In the first embodiment, as shown in FIG. 9, identification codes 100 respectively corresponding to a plurality of special recording sheets 9B ₁ , 9B ₂ ,... 9B _n output by the first image forming operation. Added. For this reason, the service engineer visually reads the identification code 100 made up of character information such as “sample 1” or the like, or reads the identification code 100 made up of a two-dimensional barcode with a barcode reader, so The recording sheets 9B ₁ , 9B ₂ ,... 9B _n can be distinguished from each other. As the bar code reader, a smartphone equipped with a bar code reading function possessed by a service engineer may be used.

The information identified by the identification code 100 includes the identification information of the photosensitive drum 21, the charging potential of the photosensitive drum 21: the value of Vh1, the developing potential of the developing device 24: the value of Vd2, and the first image forming operation. It is possible to know the environmental conditions such as the temperature and humidity in the image forming apparatus 1 at the time, and the plurality of output special recording sheets 9B ₁ , 9B ₂ ,... 9B _n are mutually identified and managed. It becomes possible.

[Embodiment 2]
FIG. 13 shows the configuration and state of the second image forming operation in the image forming apparatus according to the second embodiment. The image forming apparatus according to the second embodiment is related to the first embodiment except that a configuration capable of executing the second image forming operation by the control unit 61 is added as a function of knowing a sign of abnormality related to at least some parts. The image forming apparatus 1 has the same configuration.

<Function to know signs of component abnormality>
In addition to the configuration related to the first image forming operation, the image forming apparatus 1 according to the second embodiment has a function for knowing a sign of abnormality such as at least wear of the end of the image quality guarantee range 212 in the photosensitive drum 21. The following configuration is provided. Further, the image forming apparatus 1 has a function of making it possible to identify a plurality of pieces of information for knowing a sign of abnormality such as wear of at least the end of the image quality guarantee range 212 on the photosensitive drum 21.

  That is, in this image forming apparatus, as shown in FIG. 3 and FIG. 13, the control means 61 in Embodiment 1 charges the image forming range 210 of the photosensitive drum 21 with the charging device 22 and uses the developer. The second image forming operation including the developing operation and the developing operation with the developer without charging the image forming range 210 of the photosensitive drum 21 by the charging device 22 can be executed. Further, in this image forming apparatus, the output unit 70 in Embodiment 1 is configured to output information on the result of the second image forming operation, as shown in FIG. The former operation in the second image forming operation (operation in which the image forming range 210 of the photosensitive drum 21 is charged by the charging device 22 and developed with the developer) is an operation corresponding to the first image forming operation. Can be treated as being.
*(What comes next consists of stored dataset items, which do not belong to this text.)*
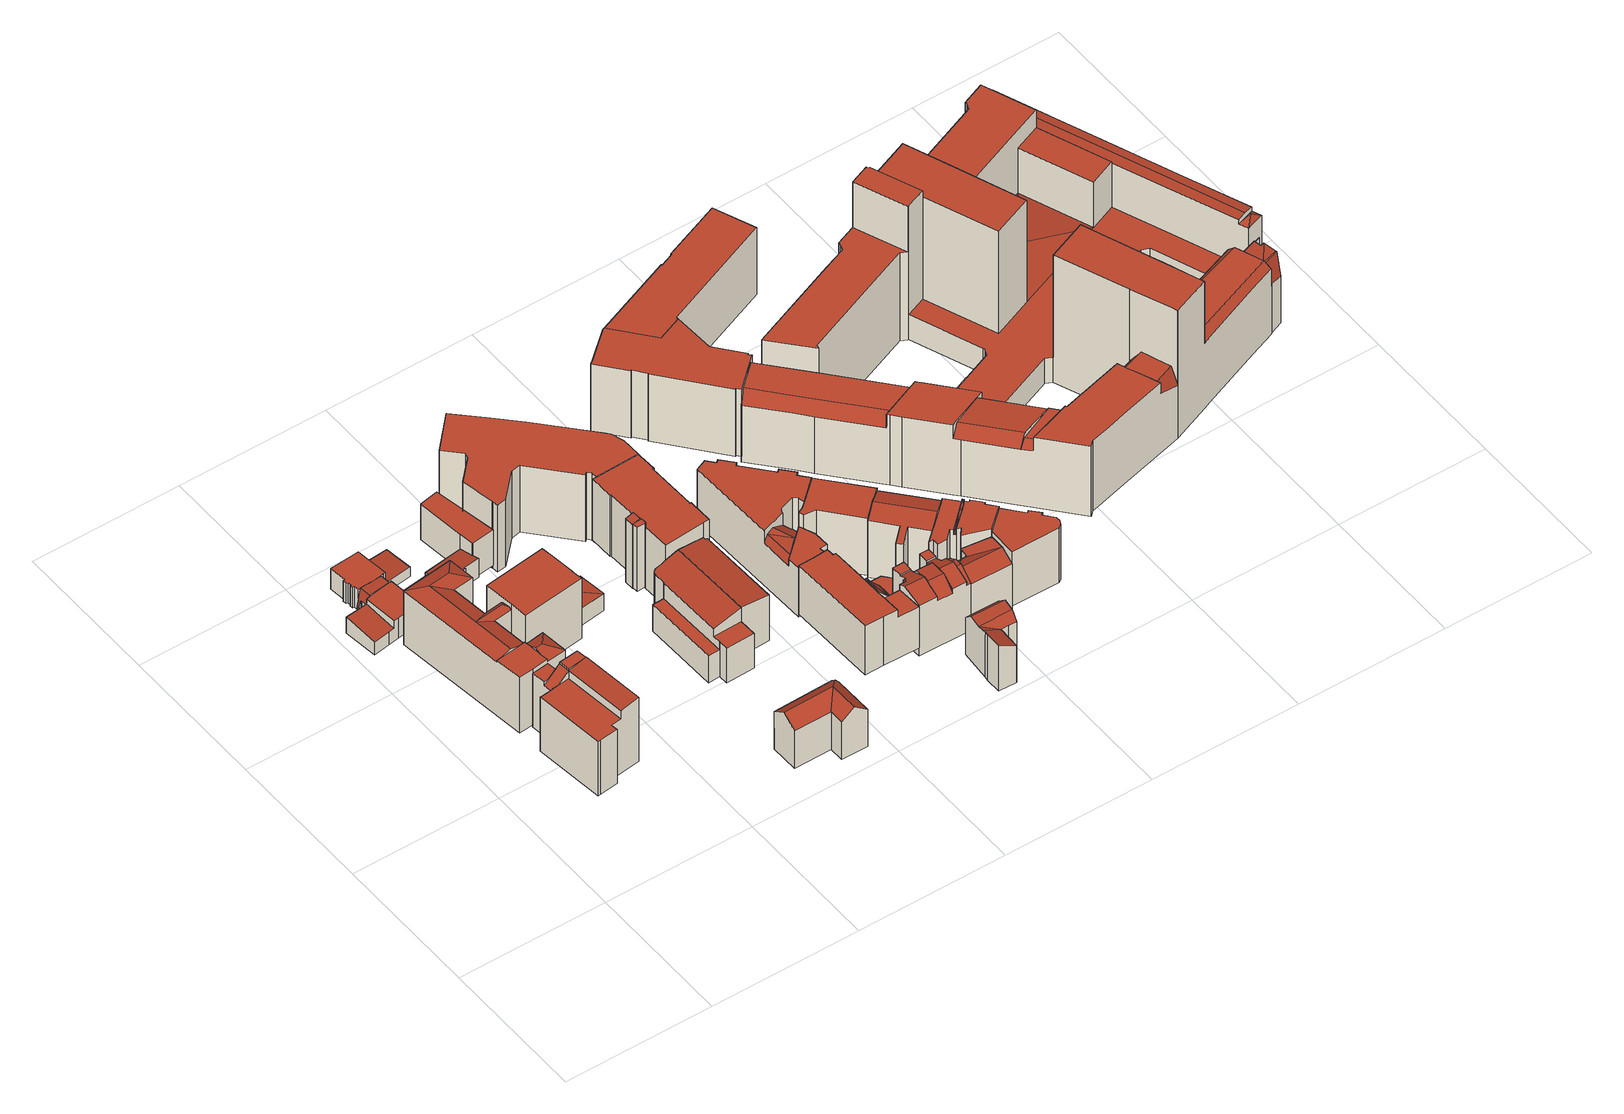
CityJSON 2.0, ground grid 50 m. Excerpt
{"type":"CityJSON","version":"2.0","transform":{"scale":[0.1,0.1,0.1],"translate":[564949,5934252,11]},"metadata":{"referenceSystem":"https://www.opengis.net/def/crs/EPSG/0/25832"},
"CityObjects":{
"building1":{"type":"Building","attributes":{"Gemeindeschluessel":"02000000","Geometrietyp2DReferenz":"3000","function":"31001_3020","roofType":"1000","measuredHeight":25.14,"storeysAboveGround":5},"geometry":[{"type":"MultiSurface","lod":"2","boundaries":[[[0,1,2,3,4]],[[5,6,7,8,9,10,1,11]],[[12,13,14,15,16]],[[17,18,19,13,20]],[[21,22,23,24]],[[25,26,27,28]],[[28,27,22,21]],[[29,4,3,30]],[[1,0,11]],[[1,10,2]],[[31,7,6]],[[5,32,6]],[[33,34,35,36]],[[13,12,20]],[[13,19,14]],[[33,36,25,28,21,24,37,29,30,38,39,40]],[[29,37,41,32,5,11,0,4]],[[42,17,20,12,16,8,7,31]],[[40,39,15,14,19,18]],[[33,40,18,17,42,34]],[[39,38,9,8,16,15]],[[38,30,3,2,10,9]],[[26,25,36,35]],[[41,37,24,23]],[[41,23,22,27,26,35,34,42,31,6,32]]],"semantics":{"surfaces":[{"type":"RoofSurface"},{"type":"WallSurface"},{"type":"GroundSurface"}],"values":[0,0,0,0,1,1,1,1,1,1,1,1,1,1,1,2,1,1,1,1,1,1,1,1,0]}}]},
"building2":{"type":"Building","attributes":{"name":"Stadtteilschule am Hafen","Gemeindeschluessel":"02000000","Geometrietyp2DReferenz":"3000","function":"31001_3020","roofType":"3100","measuredHeight":22.81,"storeysAboveGround":5},"geometry":[{"type":"MultiSurface","lod":"2","boundaries":[[[43,44,45,46,47,48,49,50,51]],[[52,53,54]],[[43,55,56,57,58,59]],[[60,61,56,55,51,62]],[[61,57,56]],[[63,64,65]],[[66,47,46]],[[45,44,67]],[[59,44,43]],[[51,50,62]],[[68,49,48,69]],[[66,46,70,71,72,73]],[[74,75,76,77,78]],[[67,44,79,80,81,82]],[[69,48,47,66,73,83]],[[68,69,83,84,85,77,76,86,87,80,79,88,89]],[[74,78,90,72,71]],[[68,89,60,62,50,49]],[[90,78,77,85,91]],[[85,84,92,53,52,91]],[[87,86,93,64,63,94]],[[89,88,58,57,61,60]],[[43,51,55]],[[81,80,87,94]],[[93,86,76,75]],[[88,79,44,59,58]],[[46,45,70]],[[92,84,83,73]],[[67,82,71,70,45]],[[71,82,81,94,63,65]],[[71,65,64,93,75,74]],[[72,90,91,52,54]],[[72,54,53,92,73]]],"semantics":{"surfaces":[{"type":"RoofSurface"},{"type":"WallSurface"},{"type":"GroundSurface"}],"values":[0,0,0,0,0,0,1,1,1,1,1,0,1,1,1,2,0,1,1,1,1,1,1,1,1,1,1,1,0,0,0,0,0]}}]},
"building3":{"type":"Building","attributes":{"Gemeindeschluessel":"02000000","Geometrietyp2DReferenz":"3000","function":"31001_2320","roofType":"1000","measuredHeight":8.21,"storeysAboveGround":2},"geometry":[{"type":"MultiSurface","lod":"2","boundaries":[[[95,96,97,98,99,100,101,102,103,104,105,106,107,108,109,110,111]],[[112,113,114,115,116,117,118,119,120,121,111,122,123,124]],[[120,125,126,127,95,121]],[[126,128,129,130,127]],[[131,132,133,134]],[[135,103,102,136]],[[136,102,101,137]],[[137,101,100,138]],[[139,99,98,140]],[[111,110,122]],[[141,109,108,142]],[[142,108,107,143]],[[143,107,106,144]],[[144,106,105,145]],[[145,105,104,146]],[[146,104,103,135]],[[147,124,123,148]],[[149,117,116,150]],[[150,116,115,151]],[[151,115,114,152]],[[152,114,113,153]],[[153,113,112,154]],[[154,112,124,147]],[[118,155,119]],[[156,157,158,159]],[[159,158,160,161]],[[162,163,164,165]],[[166,167,168,169]],[[170,129,128,171]],[[172,173,174,175]],[[176,177,178,179]],[[180,170,171,156,159,161,172,175,162,165,131,134,181,182,149,150,151,152,153,154,147,148,141,142,143,144,145,146,135,136,137,138,176,179]],[[169,168,183,182,181,184]],[[177,176,138,100,99,139]],[[140,98,97,180,179,178]],[[157,156,171,128,185]],[[163,162,175,174]],[[173,172,161,160]],[[185,128,126,125]],[[149,182,183,155,118,117]],[[125,120,119]],[[95,111,121]],[[141,148,123,122,110,109]],[[96,95,127,130]],[[170,180,97,96,130,129]],[[184,181,134,133]],[[131,165,164,167,166,132]],[[140,178,177,139]],[[125,119,155,183,168,167,164,163,174,173,160,158,157,185]],[[184,133,132,166,169]]],"semantics":{"surfaces":[{"type":"RoofSurface"},{"type":"WallSurface"},{"type":"GroundSurface"}],"values":[0,0,0,0,1,1,1,1,1,1,1,1,1,1,1,1,1,1,1,1,1,1,1,1,1,1,1,1,1,1,1,2,1,1,1,1,1,1,1,1,1,1,1,1,1,1,1,0,0,0]}}]},
"building4":{"type":"Building","attributes":{"Gemeindeschluessel":"02000000","Geometrietyp2DReferenz":"3000","function":"31001_2100","roofType":"2100","measuredHeight":7.56,"storeysAboveGround":1},"geometry":[{"type":"MultiSurface","lod":"2","boundaries":[[[186,157,187,188]],[[186,189,158,157]],[[189,190,191,158]],[[190,192,193,191]],[[192,194,195,193]],[[196,197,195,194]],[[196,198,199,197]],[[198,200,201,199]],[[200,202,203,201]],[[204,205,203,202]],[[204,206,207,205]],[[206,208,209,207]],[[208,210,211,209]],[[212,213,211,210]],[[212,214,215,213]],[[214,216,217,215]],[[216,218,219,217]],[[218,220,221,219]],[[222,221,220,223]],[[223,224,225,222]],[[226,225,224,227]],[[228,229,226,227]],[[187,229,228,188]],[[216,214,212,210,208,206,204,202,200,198,196,194,192,190,189,186,188,228,227,224,223,220,218]],[[157,158,191,193,195,197,199,201,203,205,207,209,211,213,215,217,219,221,222,225,226,229,187]]],"semantics":{"surfaces":[{"type":"WallSurface"},{"type":"GroundSurface"},{"type":"RoofSurface"}],"values":[0,0,0,0,0,0,0,0,0,0,0,0,0,0,0,0,0,0,0,0,0,0,0,1,2]}}]},
"building5":{"type":"Building","attributes":{"Gemeindeschluessel":"02000000","Geometrietyp2DReferenz":"3000","function":"31001_3020","roofType":"1000","measuredHeight":23.61,"storeysAboveGround":6},"geometry":[{"type":"MultiSurface","lod":"2","boundaries":[[[230,231,232,233]],[[234,235,231,230]],[[235,236,237,232,231]],[[238,239,240,241]],[[242,243,244,245]],[[246,237,236,247]],[[248,242,245,249,238,241,250,246,247]],[[251,244,243,252,253,254,255,240,239]],[[251,239,238,249]],[[246,250,255,254,233,232,237]],[[248,247,236,235,234,253,252]],[[244,251,249,245]],[[252,243,242,248]],[[254,253,234,230,233]],[[240,255,250,241]]],"semantics":{"surfaces":[{"type":"RoofSurface"},{"type":"WallSurface"},{"type":"GroundSurface"}],"values":[0,0,0,1,1,1,2,0,1,1,1,1,1,1,1]}}]},
"building6":{"type":"Building","attributes":{"Gemeindeschluessel":"02000000","Geometrietyp2DReferenz":"3000","function":"31001_1010","roofType":"3100","measuredHeight":18.24,"storeysAboveGround":4},"geometry":[{"type":"MultiSurface","lod":"2","boundaries":[[[256,257,258,259,260,261,262]],[[263,258,257,264,265]],[[266,267,256,262,268]],[[268,262,261,269]],[[264,257,256,267]],[[261,260,270,271,269]],[[259,258,263,272,273]],[[270,260,259,273]],[[266,268,269,271,274]],[[266,274,265,264,267]],[[272,263,265,274]],[[272,274,271,270,273]]],"semantics":{"surfaces":[{"type":"GroundSurface"},{"type":"WallSurface"},{"type":"RoofSurface"}],"values":[0,1,1,1,1,1,1,1,2,2,2,2]}}]},
"building7":{"type":"Building","attributes":{"Gemeindeschluessel":"02000000","Geometrietyp2DReferenz":"3000","function":"31001_2100","roofType":"1000","measuredHeight":13.91,"storeysAboveGround":3},"geometry":[{"type":"MultiSurface","lod":"2","boundaries":[[[275,276,277,278]],[[279,280,281,282]],[[282,281,283,284]],[[283,281,280,277,276,285,286]],[[279,282,284,287,288,275,278]],[[275,288,285,276]],[[287,284,283,286]],[[279,278,277,280]],[[288,287,286,285]]],"semantics":{"surfaces":[{"type":"WallSurface"},{"type":"RoofSurface"},{"type":"GroundSurface"}],"values":[0,0,0,1,2,0,0,0,0]}}]},
"building8":{"type":"Building","attributes":{"Gemeindeschluessel":"02000000","Geometrietyp2DReferenz":"3000","function":"31001_3210","roofType":"1000","measuredHeight":18.89,"storeysAboveGround":3},"geometry":[{"type":"MultiSurface","lod":"2","boundaries":[[[289,290,291,292,293,294]],[[295,296,297,298]],[[299,289,294,300]],[[301,299,300,302]],[[303,304,305,306,307,308]],[[309,310,311,312,313,314]],[[315,301,302,316,317]],[[295,298,318,314,313,319,320]],[[307,321,292,291,322,312,311,323,324,325,326,308]],[[327,326,325,328]],[[328,325,324,329]],[[329,324,323,330]],[[330,323,311,310]],[[303,308,326,327]],[[293,292,321,331]],[[309,314,318,332]],[[332,318,298,297]],[[322,319,313,312]],[[296,295,320,291,290]],[[291,320,319,322]],[[300,294,293,331,302]],[[289,299,301,315,304,303,327,328,329,330,310,309,332,297,296,290]],[[317,316,306,305]],[[317,305,304,315]],[[307,306,316,302,331,321]]],"semantics":{"surfaces":[{"type":"WallSurface"},{"type":"RoofSurface"},{"type":"GroundSurface"}],"values":[0,0,0,0,0,0,0,1,1,0,0,0,0,0,0,0,0,0,0,0,1,2,1,0,0]}}]},
"building9":{"type":"Building","attributes":{"Gemeindeschluessel":"02000000","Geometrietyp2DReferenz":"3000","function":"31001_2460","roofType":"1000","measuredHeight":24.93,"storeysAboveGround":1},"geometry":[{"type":"MultiSurface","lod":"2","boundaries":[[[333,334,335,336,337]],[[338,339,340,341,342]],[[342,341,334,333]],[[341,340,335,334]],[[340,339,336,335]],[[339,338,337,336]],[[338,342,333,337]]],"semantics":{"surfaces":[{"type":"GroundSurface"},{"type":"RoofSurface"},{"type":"WallSurface"}],"values":[0,1,2,2,2,2,2]}}]},
"building10":{"type":"Building","attributes":{"Gemeindeschluessel":"02000000","Geometrietyp2DReferenz":"3000","function":"31001_2010","roofType":"1000","measuredHeight":26.06,"storeysAboveGround":5},"geometry":[{"type":"MultiSurface","lod":"2","boundaries":[[[343,344,345,346,347,348,349,350,351,352,353,354,355,356,357,358,359,360,361,362,363,364]],[[365,366,367,368,369,370,371,372,373,374,375,376,377,378,379,380,381,382,383,384,385,386]],[[386,385,344,343]],[[385,384,345,344]],[[384,383,346,345]],[[383,382,347,346]],[[382,381,348,347]],[[381,380,349,348]],[[380,379,350,349]],[[379,378,351,350]],[[378,377,352,351]],[[377,376,353,352]],[[376,375,354,353]],[[375,374,355,354]],[[374,373,356,355]],[[373,372,357,356]],[[372,371,358,357]],[[371,370,359,358]],[[370,369,360,359]],[[369,368,361,360]],[[368,367,362,361]],[[367,366,363,362]],[[366,365,364,363]],[[365,386,343,364]]],"semantics":{"surfaces":[{"type":"GroundSurface"},{"type":"RoofSurface"},{"type":"WallSurface"}],"values":[0,1,2,2,2,2,2,2,2,2,2,2,2,2,2,2,2,2,2,2,2,2,2,2]}}]},
"building11":{"type":"Building","attributes":{"Gemeindeschluessel":"02000000","Geometrietyp2DReferenz":"3000","function":"31001_2010","roofType":"1000","measuredHeight":25.6,"storeysAboveGround":6},"geometry":[{"type":"MultiSurface","lod":"2","boundaries":[[[387,388,389,390]],[[391,389,388,392]],[[393,387,390,394]],[[395,396,397,398]],[[398,397,399,400]],[[400,399,401,402]],[[402,401,403,404]],[[405,406,407,408]],[[409,410,411,412]],[[413,414,415,416]],[[416,415,417,418]],[[419,420,421,422]],[[422,421,410,409]],[[419,422,409,412,423,393,394,424,405,408,425,395,398,400,402,404,413,416,418]],[[407,406,426,391,392,427,411,410,421,420,417,415,414,403,401,399,397,396,428]],[[403,414,413,404]],[[407,428,425,408]],[[417,420,419,418]],[[411,427,423,412]],[[426,406,405,424]],[[428,396,395,425]],[[393,423,427,392,388,387]],[[424,394,390,389,391,426]]],"semantics":{"surfaces":[{"type":"RoofSurface"},{"type":"WallSurface"},{"type":"GroundSurface"}],"values":[0,1,1,1,1,1,1,1,1,1,1,1,1,2,0,1,1,1,1,1,1,1,1]}}]},
"building12":{"type":"Building","attributes":{"Gemeindeschluessel":"02000000","Geometrietyp2DReferenz":"3000","function":"31001_1010","roofType":"1000","measuredHeight":19.4,"storeysAboveGround":5},"geometry":[{"type":"MultiSurface","lod":"2","boundaries":[[[429,430,431,432]],[[430,433,434,431]],[[435,436,437,433,430]],[[435,438,439,436]],[[440,441,442,443]],[[443,442,444,445]],[[445,444,446,447]],[[447,446,448,449]],[[449,448,450,451]],[[451,450,452,453]],[[454,455,456,457]],[[458,459,460,461]],[[430,429,455,454]],[[455,429,432,462]],[[458,461,440,443,445,447,449,451,453,463,464,465,466,467]],[[460,459,456,455,462,452,450,448,446,444,442,441]],[[460,441,440,461]],[[464,463,462,432,431,434]],[[457,456,459,458,467,468]],[[467,466,439,438,469,468]],[[466,465,437,436,439]],[[469,438,435,430]],[[465,464,434,433,437]],[[452,462,463,453]],[[469,430,454,457,468]]],"semantics":{"surfaces":[{"type":"RoofSurface"},{"type":"WallSurface"},{"type":"GroundSurface"}],"values":[0,0,0,0,1,1,1,1,1,1,1,1,1,1,2,0,1,1,1,1,1,1,1,1,0]}}]},
"building13":{"type":"Building","attributes":{"Gemeindeschluessel":"02000000","Geometrietyp2DReferenz":"3000","function":"31001_1120","roofType":"1000","measuredHeight":21.41,"storeysAboveGround":4},"geometry":[{"type":"MultiSurface","lod":"2","boundaries":[[[470,471,472,473]],[[474,475,472]],[[476,477,478]],[[479,480,481,482]],[[482,481,483,484]],[[484,483,485,486]],[[486,485,487,488]],[[488,487,489,490]],[[491,492,493,494]],[[494,493,495,496]],[[496,495,497,498]],[[498,497,499,500]],[[501,502,503,504]],[[504,503,505,506]],[[506,505,507,508]],[[508,507,509,510]],[[511,512,513,514]],[[515,516,517,518,513,512,519,509,507,505,503,502,489,487,485,483,481,480]],[[520,521,522,523,478,477,524]],[[500,499,525,470,473,515,480,479]],[[526,511,514,527,528,529,530,522,521,531,491,494,496,498,500,479,482,484,486,488,490,501,504,506,508,510]],[[516,515,473,472,475,532]],[[531,521,520,533,534,535]],[[511,526,519,512]],[[526,510,509,519]],[[523,522,530,536]],[[536,530,529,537]],[[538,474,539]],[[492,491,531,535]],[[534,533,540,541]],[[541,540,524,477,476,538]],[[539,471,470,525]],[[529,528,517,516,532,537]],[[528,527,518,517]],[[527,514,513,518]],[[501,490,489,502]],[[540,533,520,524]],[[536,537,532,475,474,538,476,478,523]],[[471,539,474,472]],[[539,525,499,497,495,493,492,535,534,541,538]]],"semantics":{"surfaces":[{"type":"RoofSurface"},{"type":"WallSurface"},{"type":"GroundSurface"}],"values":[0,0,0,1,1,1,1,1,1,1,1,1,1,1,1,1,1,0,1,1,2,1,1,1,1,1,1,1,1,1,1,1,1,1,1,1,0,0,0,0]}}]},
"building14":{"type":"Building","attributes":{"Gemeindeschluessel":"02000000","Geometrietyp2DReferenz":"3000","function":"31001_1010","roofType":"3100","measuredHeight":17.73,"storeysAboveGround":4},"geometry":[{"type":"MultiSurface","lod":"2","boundaries":[[[542,543,544]],[[545,546,547,548]],[[548,547,549,550]],[[551,552,553,554]],[[550,549,544,543,555,556,557]],[[551,554,558,559,545,548,550,557,560]],[[561,559,558,562,542]],[[551,560,563,564,565,552]],[[563,560,557,556]],[[562,558,554,553]],[[546,545,559,561]],[[564,563,556,555]],[[565,564,555,543]],[[565,543,542,562,553,552]],[[546,561,542,544,549,547]]],"semantics":{"surfaces":[{"type":"RoofSurface"},{"type":"WallSurface"},{"type":"GroundSurface"}],"values":[0,1,1,1,1,2,1,1,1,1,1,0,0,0,0]}}]},
"building15":{"type":"Building","attributes":{"Gemeindeschluessel":"02000000","Geometrietyp2DReferenz":"3000","function":"31001_1120","roofType":"3100","measuredHeight":22.54,"storeysAboveGround":5},"geometry":[{"type":"MultiSurface","lod":"2","boundaries":[[[566,567,568,569]],[[570,571,572,573,574,575]],[[576,577,578,579,580,573,572,581]],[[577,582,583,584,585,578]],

  When performing the second image forming operation (the former and the latter operations), the control unit 61 switches whether or not to supply the charging bias from the power supply unit 15 (supply or non-supply) and also supplies the power supply unit. The developing bias supplied from 15 is changed so that a potential difference (Δα) that can be developed by the developer in the image formable range 210 of the photosensitive drum 21 can be generated. Further, when executing the second image forming operation, the control unit 61 controls the operation of the exposure driving unit 16 so that the exposure by the exposure device 23 is not performed and the electrostatic latent image is not formed.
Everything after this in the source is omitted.